December 20, 11:15am in Wailuku
Maui Ocean Club Mortgage Foreclosures = 58 units
Maui Ocean Club Lien Foreclosures = 4 units

December 20, 3:00pm in Honolulu
Ko Olina Beach Club Mortgage Foreclosures = 59 units

December 21, 12:00pm in Honolulu
Assortment of all Marriott Hawaii Timeshare properties
Kauai Beach Club Mortgage Foreclosures = 11 units
Ko Olina Beach Club Mortgage Foreclosures = 75 units
Maui Ocean Club Mortgage Foreclosures = 89 units
Waiohai Mortgage Foreclosures = 46 units

I have not read the details to understand why the fourth auction is being held on December 21, but I'm sure there must be some distinction that separates those sales from the others.

As you can tell, there are a significant number of foreclosures that will be auctioned off.  I'm assuming that Marriott may be the only bidder in many cases.


----------



## Dewnay (Dec 1, 2011)

From Mary Shumack, the Marriott Broker-in-Charge:

 - The first two letters indicate the property.
 - The next four numbers indicate the villa number.
 - The next letter indicates the building (A=Kona, B=Moana, C=Naia).
 - The next two numbers are the week 1-52.
 - The last letter after the asterisk is the usage frequency [X=every other year odd, E=every other year even, B=both (every year)].

Oftentimes, every-year usage drops the "B" so if there is no "E" or "X", then one can assume it is an interest with every-year usage rights. 

Finally, sales of this nature are treated as an open market, external purchase meaning that it is ineligible for conversion into Marriott Rewards points and enrollment into the MVCD points program.  The owners only usage options would be to occupy or deposit with Interval International and exchange.


----------



## SueDonJ (Dec 1, 2011)

I think we'll probably be seeing more and more similar auctions for the different resorts, because this past year many (all?) of the BOD's/HOA's elected non-judicial foreclosure processes for non-payment.  Seems like it should be a good thing to get them re-sold as quickly as possible with minimal cost to the other owners, but it is a little off-putting to see so many at one time.  Thanks for the perspective, TimeTraveler - that helps take the edge off.   

When TUGger Beaglemom3 went to the Custom House auction some of those Weeks were offered the MRP-exchange benefit as well as the DC-enrollment option.  It'll be interesting to watch and learn why/when those can be offered.


----------



## gblotter (Dec 1, 2011)

SueDonJ said:


> Seems like it should be a good thing to get them re-sold as quickly as possible with minimal cost to the other owners, but it is a little off-putting to see so many at one time.
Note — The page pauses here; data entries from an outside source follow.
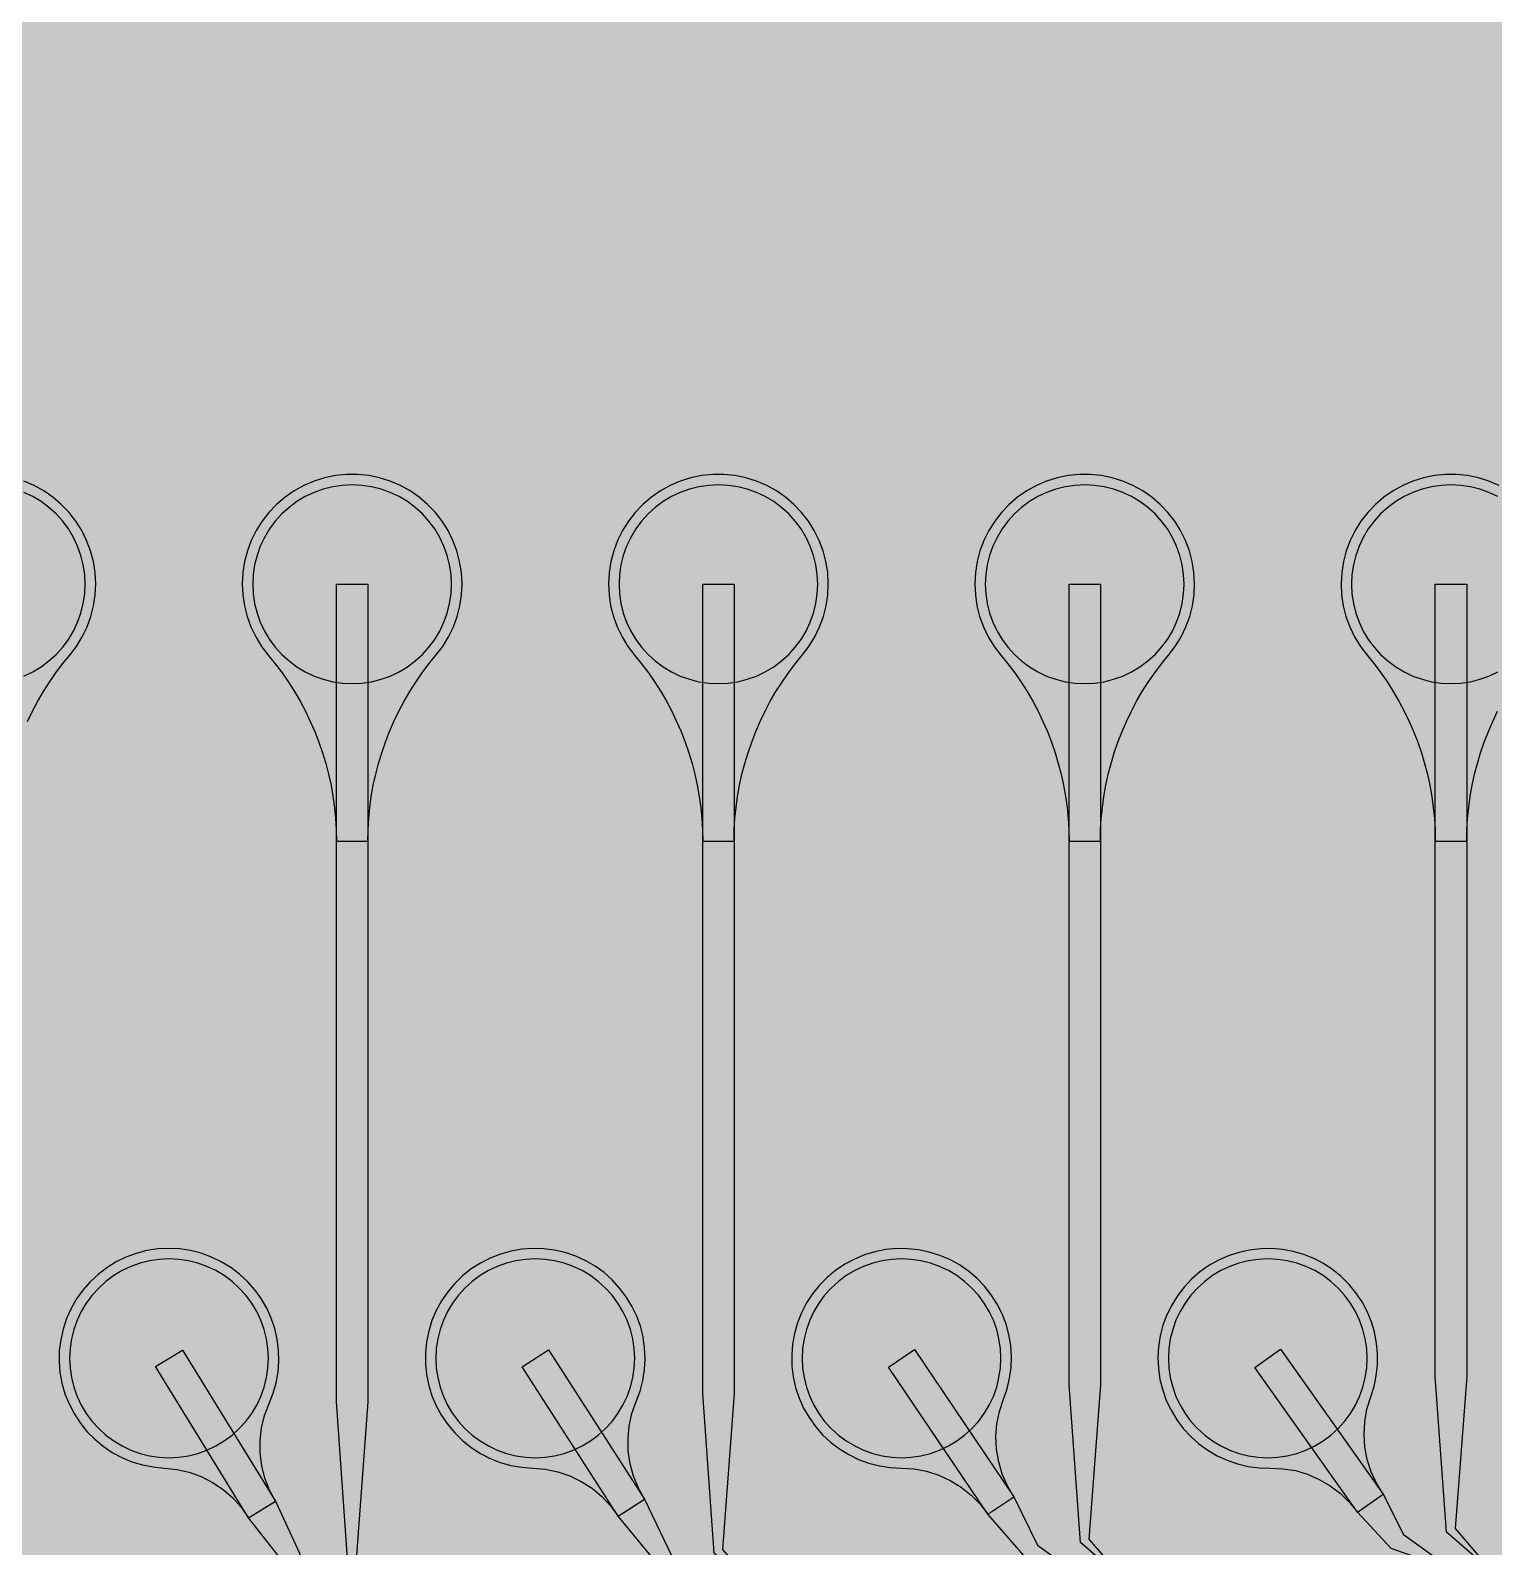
# Model space of a CAD drawing. Header units: metres. Extents: x -7220 to 10980, y -29667 to 1833.
# Drawn here: x 4485 to 5884, y -26963 to -25513 of the extents above; entities that cross this region are included whole.
import ezdxf

# ---------------------------------------------------------------- set-up
doc = ezdxf.new("R2010")
doc.units = ezdxf.units.M
for name, color, linetype in [('Metal1', 4, 'CONTINUOUS'), ('Polyimide', 7, 'CONTINUOUS'), ('Polyimide_Negative', 5, 'CONTINUOUS')]:
    doc.layers.add(name, color=color, linetype=linetype)

msp = doc.modelspace()

# ---------------------------------------------------------------- hatches: boundary and pattern name
at = {"layer": 'Polyimide'}
msp.add_hatch(color=7, dxfattribs=at).paths.add_polyline_path([(4099.4, -13861.6), (4142.6, -14152.8), (4214.2, -14438.4), (4313.4, -14715.5), (4439.2, -14981.7), (4590.6, -15234.2), (4766, -15470.7), (4963.7, -15688.8), (5181.8, -15886.5), (5418.3, -16061.9), (5670.8, -16213.3), (5936.9, -16339.1), (6214.1, -16438.3), (6499.7, -16509.9), (6790.9, -16553.1), (7085, -16567.5), (9980.4, -16567.5), (10058.8, -16571.4), (10136.4, -16582.9), (10212.6, -16601.9), (10286.5, -16628.4), (10357.5, -16662), (10424.8, -16702.3), (10487.9, -16749.1), (10546.1, -16801.8), (10598.8, -16860), (10645.6, -16923), (10685.9, -16990.4), (10719.5, -17061.4), (10745.9, -17135.3), (10765, -17211.4), (10776.5, -17289.1), (10780.4, -17367.5), (10780.4, -21957.3), (10741.6, -22012.9), (10706, -22070.6), (10673.6, -22130.1), (10644.5, -22191.4), (10618.9, -22254.2), (10596.8, -22318.2), (10578.3, -22383.5), (10563.4, -22449.6), (10552.2, -22516.5), (10544.7, -22583.8), (10541, -22651.5), (10541, -22719.3), (10544.7, -22787), (10552.2, -22854.4), (10563.4, -22921.2), (10578.3, -22987.4), (10596.8, -23052.6), (10618.9, -23116.7), (10644.5, -23179.5), (10673.6, -23240.7), (10706, -23300.3), (10741.6, -23357.9), (10780.4, -23413.5), (10780.4, -28667.5), (10776.5, -28745.9), (10765, -28823.6), (10745.9, -28899.7), (10719.5, -28973.6), (10685.9, -29044.6), (10645.6, -29112), (10598.8, -29175), (10546.1, -29233.2), (10487.9, -29285.9), (10424.8, -29332.7), (10357.5, -29373), (10286.5, -29406.6), (10212.6, -29433.1), (10136.4, -29452.1), (10058.8, -29463.6), (9980.4, -29467.5), (-6219.6, -29467.5), (-6298, -29463.6), (-6375.7, -29452.1), (-6451.9, -29433.1), (-6525.8, -29406.6), (-6596.7, -29373), (-6664.1, -29332.7), (-6727.1, -29285.9), (-6785.3, -29233.2), (-6838, -29175), (-6884.8, -29112), (-6925.2, -29044.6), (-6958.7, -28973.6), (-6985.2, -28899.7), (-7004.3, -28823.6), (-7015.8, -28745.9), (-7019.6, -28667.5), (-7019.6, -23426.3), (-6979.4, -23370.1), (-6942.3, -23311.6), (-6908.7, -23251.2), (-6878.5, -23189), (-6851.8, -23125.1), (-6828.8, -23059.9), (-6809.5, -22993.4), (-6794, -22926), (-6782.4, -22857.8), (-6774.6, -22789.1), (-6770.7, -22720), (-6770.7, -22650.8), (-6774.6, -22581.8), (-6782.4, -22513), (-6794, -22444.8), (-6809.5, -22377.4), (-6828.8, -22311), (-6851.8, -22245.7), (-6878.5, -22181.9), (-6908.7, -22119.7), (-6942.3, -22059.2), (-6979.4, -22000.8), (-7019.6, -21944.5), (-7019.6, -17367.5), (-7015.8, -17289.1), (-7004.3, -17211.4), (-6985.2, -17135.3), (-6958.7, -17061.4), (-6925.2, -16990.4), (-6884.8, -16923), (-6838, -16860), (-6785.3, -16801.8), (-6727.1, -16749.1), (-6664.1, -16702.3), (-6596.7, -16662), (-6525.8, -16628.4), (-6451.9, -16601.9), (-6375.7, -16582.9), (-6298, -16571.4), (-6219.6, -16567.5), (-3314, -16567.5), (-3019.9, -16553.1), (-2728.7, -16509.9), (-2443.1, -16438.3), (-2165.9, -16339.1), (-1899.8, -16213.3), (-1647.3, -16061.9), (-1410.8, -15886.5), (-1192.7, -15688.8), (-995, -15470.7), (-819.6, -15234.2), (-668.2, -14981.7), (-542.4, -14715.5), (-443.2, -14438.4), (-371.6, -14152.8), (-328.4, -13861.6), (-314, -13567.5), (-314, -13373.5), (-317.5, -13328.1), (-327.7, -13283.8), (-344.6, -13241.5), (-367.6, -13202.3), (-396.4, -13167), (-430.1, -13136.5), (-468, -13111.4), (-509.3, -13092.3), (-509.3, -13092.3), (-578.2, -13061.3), (-642.2, -13021.2), (-700.3, -12973), (-751.3, -12917.3), (-794.4, -12855.3), (-828.7, -12788.1), (-853.7, -12716.8), (-868.9, -12642.8), (-874, -12567.5), (-868.9, -12492.2), (-853.7, -12418.2), (-828.7, -12346.9), (-794.4, -12279.7), (-751.3, -12217.7), (-700.3, -12162), (-642.2, -12113.8), (-578.2, -12073.7), (-509.3, -12042.7), (-509.3, -12042.7), (-468, -12023.6), (-430.1, -11998.5), (-396.4, -11968), (-367.6, -11932.7), (-344.6, -11893.5), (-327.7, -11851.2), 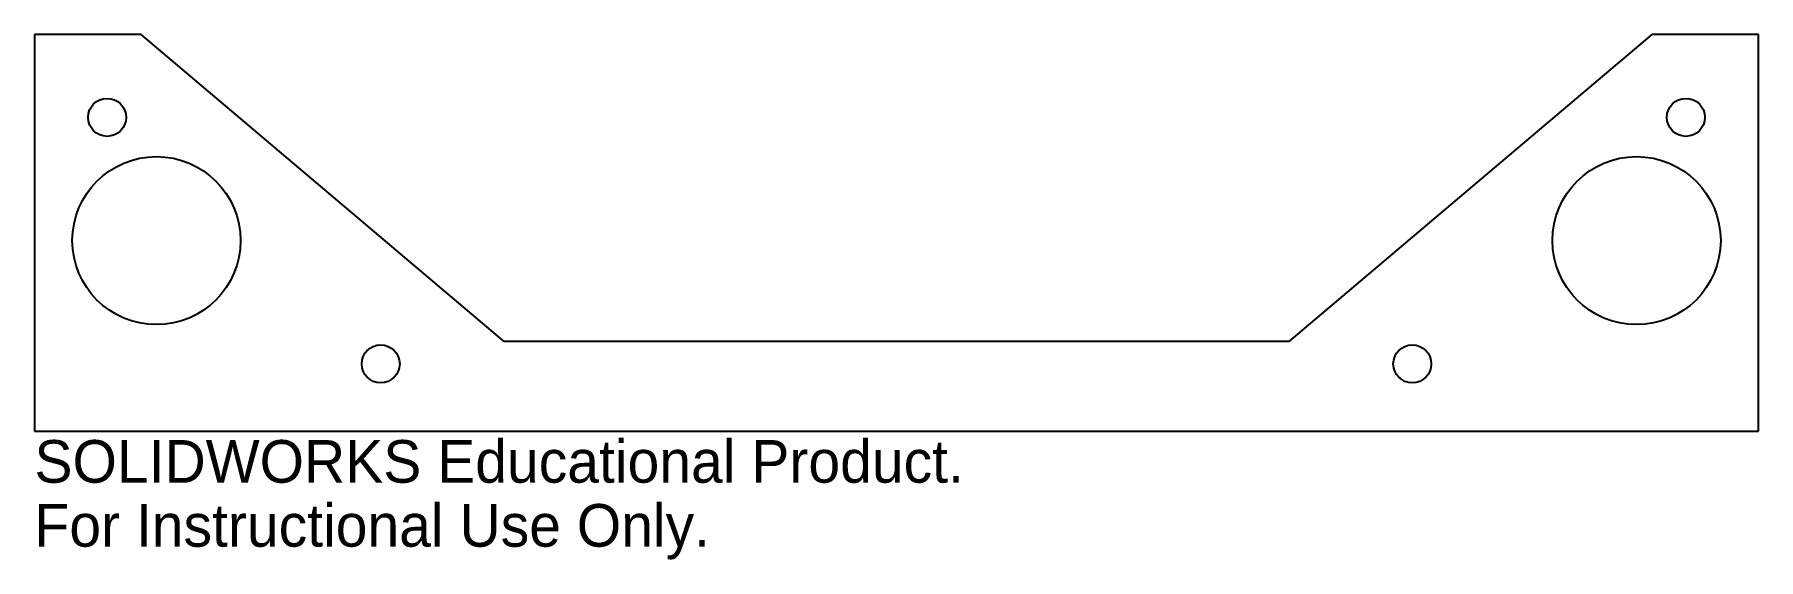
# Model space of a CAD drawing. Header units: inches. Extents: x -3.84 to 3.84, y -0.57 to 1.77.
import ezdxf

# ---------------------------------------------------------------- set-up
doc = ezdxf.new("R2010")
doc.units = ezdxf.units.IN
doc.header["$MEASUREMENT"] = 0
doc.styles.add('SLDTEXTSTYLE0', font='Arail.ttf')

msp = doc.modelspace()

# ---------------------------------------------------------------- linework, layer by layer
at = {"color": 1, "linetype": 'Continuous', "lineweight": 25}
for p, q in [((-3.8438, 1.77), (-3.8438, 0)), ((-3.3687, 1.77), (-3.8438, 1.77)), ((-1.75, 0.4), (-3.3687, 1.77)), ((3.3687, 1.77), (1.75, 0.4)), ((3.8438, 1.77), (3.3687, 1.77)), ((3.8438, 0), (3.8438, 1.77)), ((1.75, 0.4), (-1.75, 0.4)), ((-3.8438, 0), (3.8438, 0))]:
    msp.add_line(p, q, dxfattribs=at)
for centre, radius in [((-3.52, 1.4), 0.0847), ((3.52, 1.4), 0.0847), ((-3.3, 0.85), 0.375), ((3.3, 0.85), 0.375), ((-2.3, 0.3), 0.0847), ((2.3, 0.3), 0.0847)]:
    msp.add_circle(centre, radius, dxfattribs=at)

# ---------------------------------------------------------------- texts
at = {"color": 7, "linetype": 'Continuous', "char_height": 0.1903, "attachment_point": 1, "style": 'SLDTEXTSTYLE0'}
for s, insert in [('SOLIDWORKS Educational Product.', (-3.8438, -0.0401)), ('For Instructional Use Only.', (-3.8438, -0.3256))]:
    msp.add_mtext(s, dxfattribs=dict(at, insert=insert))

doc.saveas('drawing.dxf')
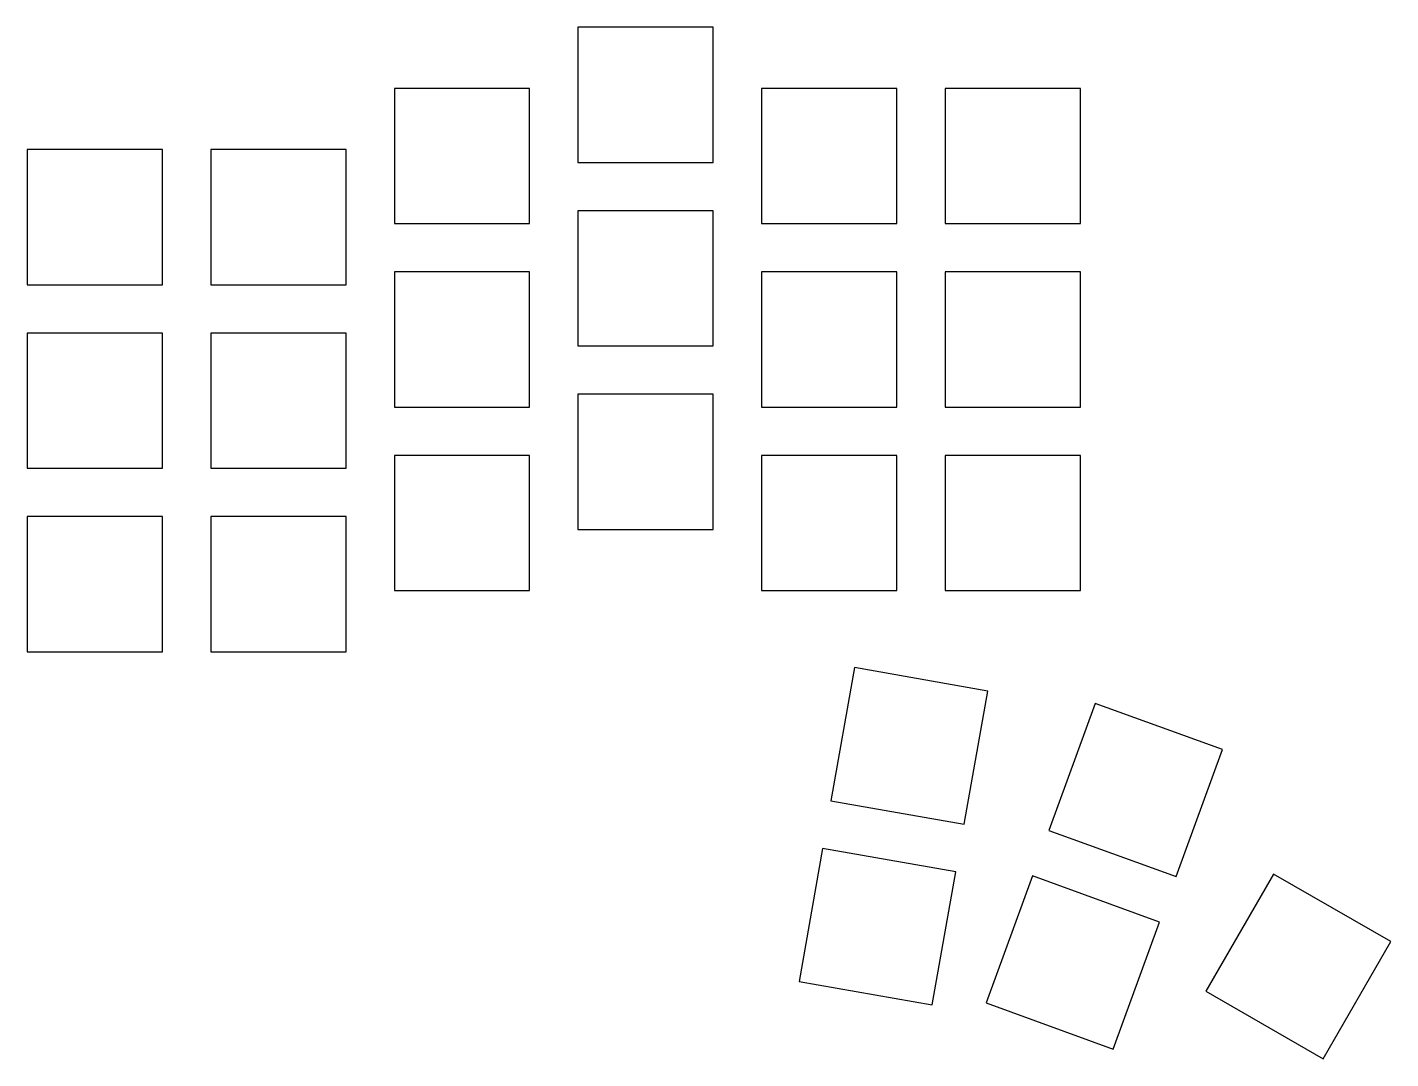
# Model space of a CAD drawing. Header units: millimetres. Extents: x 93 to 234, y -149 to -42.
import ezdxf

# ---------------------------------------------------------------- set-up
doc = ezdxf.new("R2010")
doc.units = ezdxf.units.MM

msp = doc.modelspace()

# ---------------------------------------------------------------- linework, layer by layer
at = {"linetype": 'CONTINUOUS'}
for p, q in [((164, -42.33), (150, -42.33)), ((150, -42.33), (150, -56.33)), ((164, -56.33), (164, -42.33)), ((145, -48.67), (131, -48.67)), ((131, -48.67), (131, -62.67)), ((145, -62.67), (145, -48.67)), ((183, -48.67), (169, -48.67)), ((169, -48.67), (169, -62.67)), ((183, -62.67), (183, -48.67)), ((202, -48.67), (188, -48.67)), ((188, -48.67), (188, -62.67)), ((202, -62.67), (202, -48.67)), ((107, -55), (93, -55)), ((93, -55), (93, -69)), ((107, -69), (107, -55)), ((126, -55), (112, -55)), ((112, -55), (112, -69)), ((126, -69), (126, -55)), ((150, -56.33), (164, -56.33)), ((164, -61.33), (150, -61.33)), ((150, -61.33), (150, -75.33)), ((164, -75.33), (164, -61.33)), ((131, -62.67), (145, -62.67)), ((169, -62.67), (183, -62.67)), ((188, -62.67), (202, -62.67)), ((145, -67.67), (131, -67.67)), ((131, -67.67), (131, -81.67)), ((145, -81.67), (145, -67.67)), ((183, -67.67), (169, -67.67)), ((169, -67.67), (169, -81.67)), ((183, -81.67), (183, -67.67)), ((202, -67.67), (188, -67.67)), ((188, -67.67), (188, -81.67)), ((202, -81.67), (202, -67.67)), ((93, -69), (107, -69)), ((112, -69), (126, -69)), ((107, -74), (93, -74)), ((93, -74), (93, -88)), ((107, -88), (107, -74)), ((126, -74), (112, -74)), ((112, -74), (112, -88)), ((126, -88), (126, -74)), ((150, -75.33), (164, -75.33)), ((164, -80.33), (150, -80.33)), ((150, -80.33), (150, -94.33)), ((164, -94.33), (164, -80.33)), ((131, -81.67), (145, -81.67)), ((169, -81.67), (183, -81.67)), ((188, -81.67), (202, -81.67)), ((145, -86.67), (131, -86.67)), ((131, -86.67), (131, -100.67)), ((145, -100.67), (145, -86.67)), ((183, -86.67), (169, -86.67)), ((169, -86.67), (169, -100.67)), ((183, -100.67), (183, -86.67)), ((202, -86.67), (188, -86.67)), ((188, -86.67), (188, -100.67)), ((202, -100.67), (202, -86.67)), ((93, -88), (107, -88)), ((112, -88), (126, -88)), ((107, -93), (93, -93)), ((93, -93), (93, -107)), ((107, -107), (107, -93)), ((126, -93), (112, -93)), ((112, -93), (112, -107)), ((126, -107), (126, -93)), ((150, -94.33), (164, -94.33)), ((131, -100.67), (145, -100.67)), ((169, -100.67), (183, -100.67)), ((188, -100.67), (202, -100.67)), ((93, -107), (107, -107)), ((112, -107), (126, -107)), ((178.62, -108.65), (176.19, -122.43)), ((192.41, -111.08), (178.62, -108.65)), ((189.98, -124.86), (192.41, -111.08)), ((203.54, -112.35), (198.75, -125.5)), ((216.7, -117.13), (203.54, -112.35)), ((211.91, -130.29), (216.7, -117.13)), ((176.19, -122.43), (189.98, -124.86)), ((198.75, -125.5), (211.91, -130.29)), ((175.32, -127.36), (172.89, -141.14)), ((189.11, -129.79), (175.32, -127.36)), ((186.68, -143.58), (189.11, -129.79)), ((197.04, -130.2), (192.25, -143.36)), ((210.2, -134.99), (197.04, -130.2)), ((222, -130.02), (215, -142.15)), ((234.13, -137.02), (222, -130.02)), ((205.41, -148.14), (210.2, -134.99)), ((227.13, -149.15), (234.13, -137.02)), ((172.89, -141.14), (186.68, -143.58)), ((215, -142.15), (227.13, -149.15)), ((192.25, -143.36), (205.41, -148.14))]:
    msp.add_line(p, q, dxfattribs=at)

doc.saveas('drawing.dxf')

I also view this as a good thing.  With these auctions being held in December, the buyers (whether they be Marriott or individuals) will be on the hook to pay the 2012 maintenance fees.  So that should ease the burden on other owners.



SueDonJ said:


> When TUGger Beaglemom3 went to the Custom House auction some of those Weeks were offered the MRP-exchange benefit as well as the DC-enrollment option.  It'll be interesting to watch and learn why/when those can be offered.


Given that Marriott will likely be the only bidder for many/most of these sales, it probably does not matter much whether the units come with MRP and/or DC benefits.


----------



## rudy (Dec 2, 2011)

*what about EOY*

Do you believe Marriott will buy back any of the every other year properties.... I thought I read somewhere that the every other year properties could not be added to the trust...If this is true I would  believe Marriot would not buy them back.... your thoughts?


----------



## abdibile (Dec 2, 2011)

At Custom House the pattern looked like they are mainly buying back the units where they are owed a lot of money on the mortgage. Probably it does not matter to Mariott if they pay up to what is owed to them or let someone else get the unit and write down the differenc to what is owed to Marriott as a loss on the mortgage.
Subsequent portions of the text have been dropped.